[Supplied material]

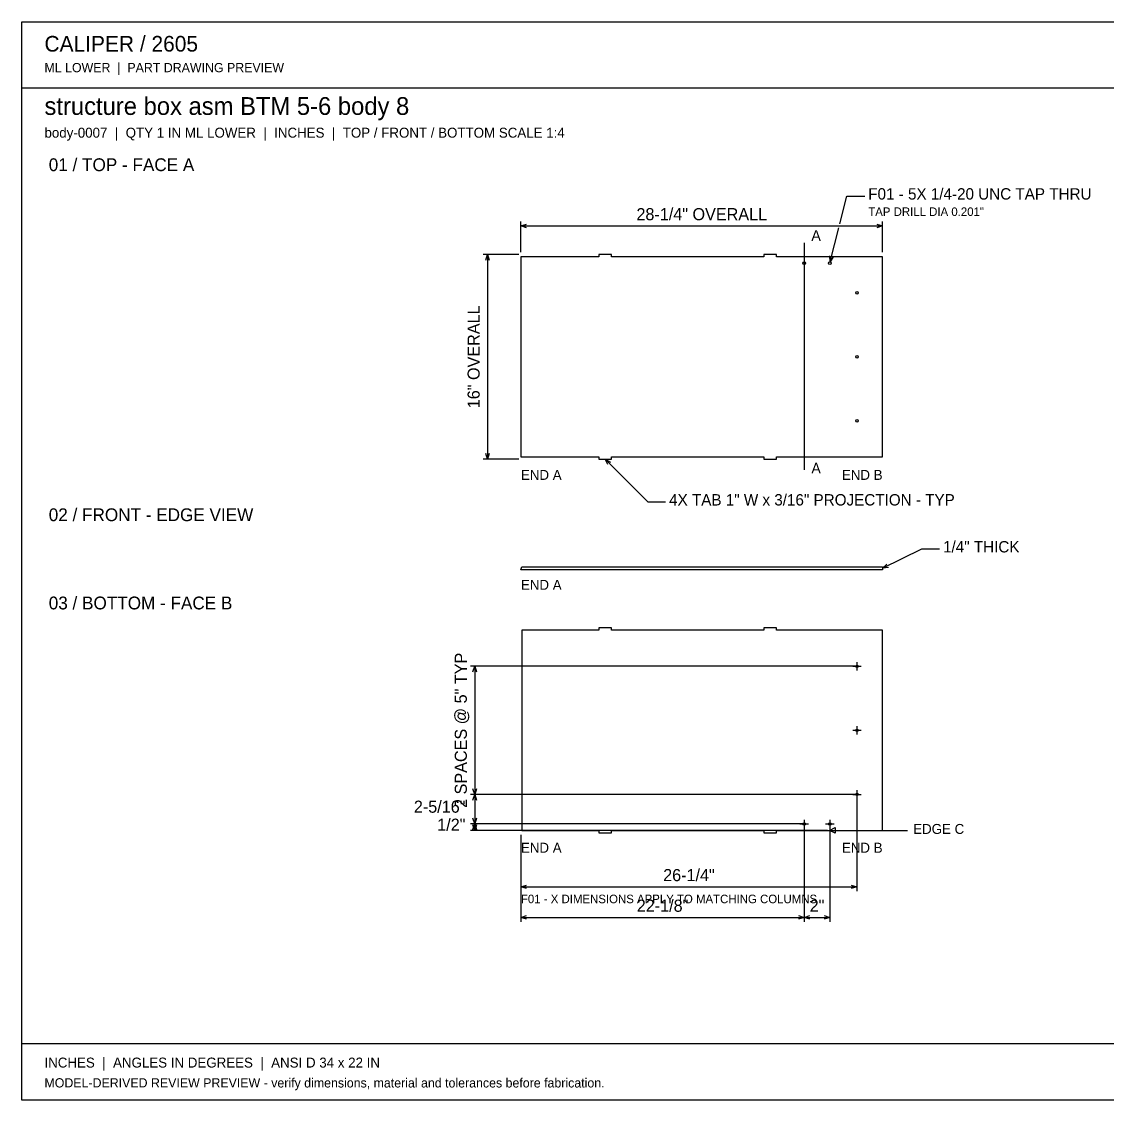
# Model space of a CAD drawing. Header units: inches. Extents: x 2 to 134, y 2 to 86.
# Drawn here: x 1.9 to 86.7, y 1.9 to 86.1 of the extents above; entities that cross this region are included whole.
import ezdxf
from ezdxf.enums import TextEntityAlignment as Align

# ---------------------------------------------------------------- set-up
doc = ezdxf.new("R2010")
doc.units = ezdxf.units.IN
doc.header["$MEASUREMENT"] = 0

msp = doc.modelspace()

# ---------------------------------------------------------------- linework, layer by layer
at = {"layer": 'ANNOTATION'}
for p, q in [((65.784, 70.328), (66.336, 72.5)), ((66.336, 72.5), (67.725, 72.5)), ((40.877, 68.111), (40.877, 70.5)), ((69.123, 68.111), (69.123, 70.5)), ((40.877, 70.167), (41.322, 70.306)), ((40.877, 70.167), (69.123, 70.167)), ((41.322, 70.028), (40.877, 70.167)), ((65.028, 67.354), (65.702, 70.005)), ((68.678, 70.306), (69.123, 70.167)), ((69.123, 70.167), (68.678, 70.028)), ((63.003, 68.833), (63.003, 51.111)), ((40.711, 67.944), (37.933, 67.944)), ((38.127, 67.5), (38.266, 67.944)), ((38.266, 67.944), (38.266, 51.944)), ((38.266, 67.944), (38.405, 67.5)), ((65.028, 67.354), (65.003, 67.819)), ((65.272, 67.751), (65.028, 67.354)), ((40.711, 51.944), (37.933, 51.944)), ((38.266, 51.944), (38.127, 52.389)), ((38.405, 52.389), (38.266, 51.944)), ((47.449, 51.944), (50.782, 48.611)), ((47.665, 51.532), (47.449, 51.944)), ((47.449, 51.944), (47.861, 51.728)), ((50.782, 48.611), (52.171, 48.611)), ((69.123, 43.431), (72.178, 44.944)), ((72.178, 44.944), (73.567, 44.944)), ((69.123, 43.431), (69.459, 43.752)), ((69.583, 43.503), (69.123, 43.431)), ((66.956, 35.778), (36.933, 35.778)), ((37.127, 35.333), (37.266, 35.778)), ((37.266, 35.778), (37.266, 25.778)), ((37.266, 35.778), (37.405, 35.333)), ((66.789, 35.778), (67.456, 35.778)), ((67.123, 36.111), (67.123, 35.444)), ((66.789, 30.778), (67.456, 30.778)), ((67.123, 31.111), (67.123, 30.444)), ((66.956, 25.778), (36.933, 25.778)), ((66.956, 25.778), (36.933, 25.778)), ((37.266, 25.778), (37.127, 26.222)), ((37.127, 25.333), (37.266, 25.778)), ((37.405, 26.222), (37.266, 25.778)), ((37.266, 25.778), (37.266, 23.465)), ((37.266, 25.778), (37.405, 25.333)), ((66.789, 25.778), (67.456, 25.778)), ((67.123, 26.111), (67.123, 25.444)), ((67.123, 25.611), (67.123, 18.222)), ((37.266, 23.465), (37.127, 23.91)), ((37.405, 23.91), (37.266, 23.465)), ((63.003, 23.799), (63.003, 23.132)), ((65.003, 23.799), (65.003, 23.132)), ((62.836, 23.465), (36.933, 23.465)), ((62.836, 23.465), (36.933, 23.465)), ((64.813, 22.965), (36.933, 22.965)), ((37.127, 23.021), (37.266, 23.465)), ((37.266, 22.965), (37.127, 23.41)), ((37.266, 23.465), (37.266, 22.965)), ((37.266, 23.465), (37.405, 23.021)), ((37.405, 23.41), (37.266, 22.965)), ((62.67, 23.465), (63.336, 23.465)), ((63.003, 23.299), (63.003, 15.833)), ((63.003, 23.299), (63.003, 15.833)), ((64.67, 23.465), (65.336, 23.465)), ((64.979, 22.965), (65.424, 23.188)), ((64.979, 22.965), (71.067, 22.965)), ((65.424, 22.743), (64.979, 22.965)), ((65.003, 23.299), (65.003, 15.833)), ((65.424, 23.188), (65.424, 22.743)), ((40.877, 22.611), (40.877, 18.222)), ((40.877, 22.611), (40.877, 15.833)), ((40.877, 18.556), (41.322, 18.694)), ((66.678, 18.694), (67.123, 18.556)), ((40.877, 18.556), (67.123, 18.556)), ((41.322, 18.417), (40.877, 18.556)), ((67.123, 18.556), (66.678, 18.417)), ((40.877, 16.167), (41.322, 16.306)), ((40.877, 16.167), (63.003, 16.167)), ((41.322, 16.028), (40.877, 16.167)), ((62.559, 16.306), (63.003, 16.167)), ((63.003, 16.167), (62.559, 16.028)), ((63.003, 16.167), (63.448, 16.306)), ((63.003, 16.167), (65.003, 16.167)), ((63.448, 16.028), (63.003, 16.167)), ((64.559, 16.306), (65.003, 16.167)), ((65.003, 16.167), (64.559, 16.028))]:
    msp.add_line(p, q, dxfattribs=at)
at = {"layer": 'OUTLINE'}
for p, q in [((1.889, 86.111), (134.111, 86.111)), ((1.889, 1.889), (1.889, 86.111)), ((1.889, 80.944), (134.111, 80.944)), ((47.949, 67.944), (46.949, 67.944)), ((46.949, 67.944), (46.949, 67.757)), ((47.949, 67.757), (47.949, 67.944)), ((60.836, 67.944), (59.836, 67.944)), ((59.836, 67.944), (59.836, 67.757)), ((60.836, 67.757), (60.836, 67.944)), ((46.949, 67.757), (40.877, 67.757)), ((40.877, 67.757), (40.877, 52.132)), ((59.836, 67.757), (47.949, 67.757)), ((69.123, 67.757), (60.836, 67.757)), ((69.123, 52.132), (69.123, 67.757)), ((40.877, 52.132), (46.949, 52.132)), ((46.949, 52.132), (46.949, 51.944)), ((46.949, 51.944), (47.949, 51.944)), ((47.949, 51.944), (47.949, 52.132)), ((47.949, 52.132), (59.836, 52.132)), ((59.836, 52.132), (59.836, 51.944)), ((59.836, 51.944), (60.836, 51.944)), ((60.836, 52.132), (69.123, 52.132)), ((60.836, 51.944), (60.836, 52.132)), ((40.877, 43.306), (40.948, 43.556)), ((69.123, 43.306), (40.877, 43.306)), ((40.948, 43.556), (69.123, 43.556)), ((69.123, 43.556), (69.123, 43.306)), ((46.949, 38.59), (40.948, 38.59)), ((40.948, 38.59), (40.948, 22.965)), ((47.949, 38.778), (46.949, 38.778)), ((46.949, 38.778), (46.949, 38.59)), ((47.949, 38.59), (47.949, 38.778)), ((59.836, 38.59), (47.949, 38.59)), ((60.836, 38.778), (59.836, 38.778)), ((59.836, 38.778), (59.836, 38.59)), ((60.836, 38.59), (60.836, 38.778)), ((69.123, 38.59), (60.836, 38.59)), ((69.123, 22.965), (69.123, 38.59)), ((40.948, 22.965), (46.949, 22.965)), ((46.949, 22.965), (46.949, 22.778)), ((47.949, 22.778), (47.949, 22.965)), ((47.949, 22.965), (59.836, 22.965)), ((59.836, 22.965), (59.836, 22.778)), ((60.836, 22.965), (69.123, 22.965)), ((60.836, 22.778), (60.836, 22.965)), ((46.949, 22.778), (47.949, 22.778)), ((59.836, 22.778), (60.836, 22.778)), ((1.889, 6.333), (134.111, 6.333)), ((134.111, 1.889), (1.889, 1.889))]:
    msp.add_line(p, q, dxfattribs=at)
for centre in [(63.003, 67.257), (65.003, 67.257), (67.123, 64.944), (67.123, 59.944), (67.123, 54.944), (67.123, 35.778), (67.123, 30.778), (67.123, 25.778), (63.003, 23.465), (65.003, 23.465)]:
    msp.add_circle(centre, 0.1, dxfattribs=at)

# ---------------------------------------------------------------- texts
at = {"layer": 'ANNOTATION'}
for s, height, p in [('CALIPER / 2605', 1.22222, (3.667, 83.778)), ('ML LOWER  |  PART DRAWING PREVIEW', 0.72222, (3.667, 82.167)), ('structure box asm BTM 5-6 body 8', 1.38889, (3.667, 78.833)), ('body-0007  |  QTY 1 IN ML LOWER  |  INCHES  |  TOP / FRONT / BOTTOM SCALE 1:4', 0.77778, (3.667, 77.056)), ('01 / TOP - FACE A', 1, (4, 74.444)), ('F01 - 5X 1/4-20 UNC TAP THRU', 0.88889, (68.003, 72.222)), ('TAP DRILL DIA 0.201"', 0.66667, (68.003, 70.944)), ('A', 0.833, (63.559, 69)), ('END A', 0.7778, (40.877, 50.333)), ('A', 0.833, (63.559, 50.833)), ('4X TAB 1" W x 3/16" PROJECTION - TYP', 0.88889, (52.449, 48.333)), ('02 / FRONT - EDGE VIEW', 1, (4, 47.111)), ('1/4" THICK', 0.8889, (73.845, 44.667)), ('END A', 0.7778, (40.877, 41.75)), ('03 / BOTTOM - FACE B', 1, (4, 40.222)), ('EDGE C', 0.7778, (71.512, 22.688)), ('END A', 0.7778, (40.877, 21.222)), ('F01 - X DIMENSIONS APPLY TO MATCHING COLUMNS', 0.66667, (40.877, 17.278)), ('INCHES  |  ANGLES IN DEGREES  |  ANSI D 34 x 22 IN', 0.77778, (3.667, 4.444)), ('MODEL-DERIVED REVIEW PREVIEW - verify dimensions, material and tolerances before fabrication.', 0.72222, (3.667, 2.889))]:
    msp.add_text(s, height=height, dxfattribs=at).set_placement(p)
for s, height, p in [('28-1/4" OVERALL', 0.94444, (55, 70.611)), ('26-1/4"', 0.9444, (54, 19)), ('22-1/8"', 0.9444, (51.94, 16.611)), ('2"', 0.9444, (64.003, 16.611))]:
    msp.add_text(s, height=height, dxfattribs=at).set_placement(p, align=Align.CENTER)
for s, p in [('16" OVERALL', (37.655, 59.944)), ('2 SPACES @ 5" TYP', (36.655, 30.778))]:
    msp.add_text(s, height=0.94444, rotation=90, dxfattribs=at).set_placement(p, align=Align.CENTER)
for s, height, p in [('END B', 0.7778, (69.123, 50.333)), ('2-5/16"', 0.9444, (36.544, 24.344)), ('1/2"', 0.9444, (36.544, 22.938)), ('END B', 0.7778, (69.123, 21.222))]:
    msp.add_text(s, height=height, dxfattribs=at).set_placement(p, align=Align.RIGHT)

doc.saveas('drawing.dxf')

[/Supplied material]

◆ About this exercise
The required result is an exact repeat of the records above from the line containing "rotation=90, dxfattribs=at).set_placement(p, align=Align.CENTER)" to their final line.

◆ Exercise result
    msp.add_text(s, height=0.94444, rotation=90, dxfattribs=at).set_placement(p, align=Align.CENTER)
for s, height, p in [('END B', 0.7778, (69.123, 50.333)), ('2-5/16"', 0.9444, (36.544, 24.344)), ('1/2"', 0.9444, (36.544, 22.938)), ('END B', 0.7778, (69.123, 21.222))]:
    msp.add_text(s, height=height, dxfattribs=at).set_placement(p, align=Align.RIGHT)

doc.saveas('drawing.dxf')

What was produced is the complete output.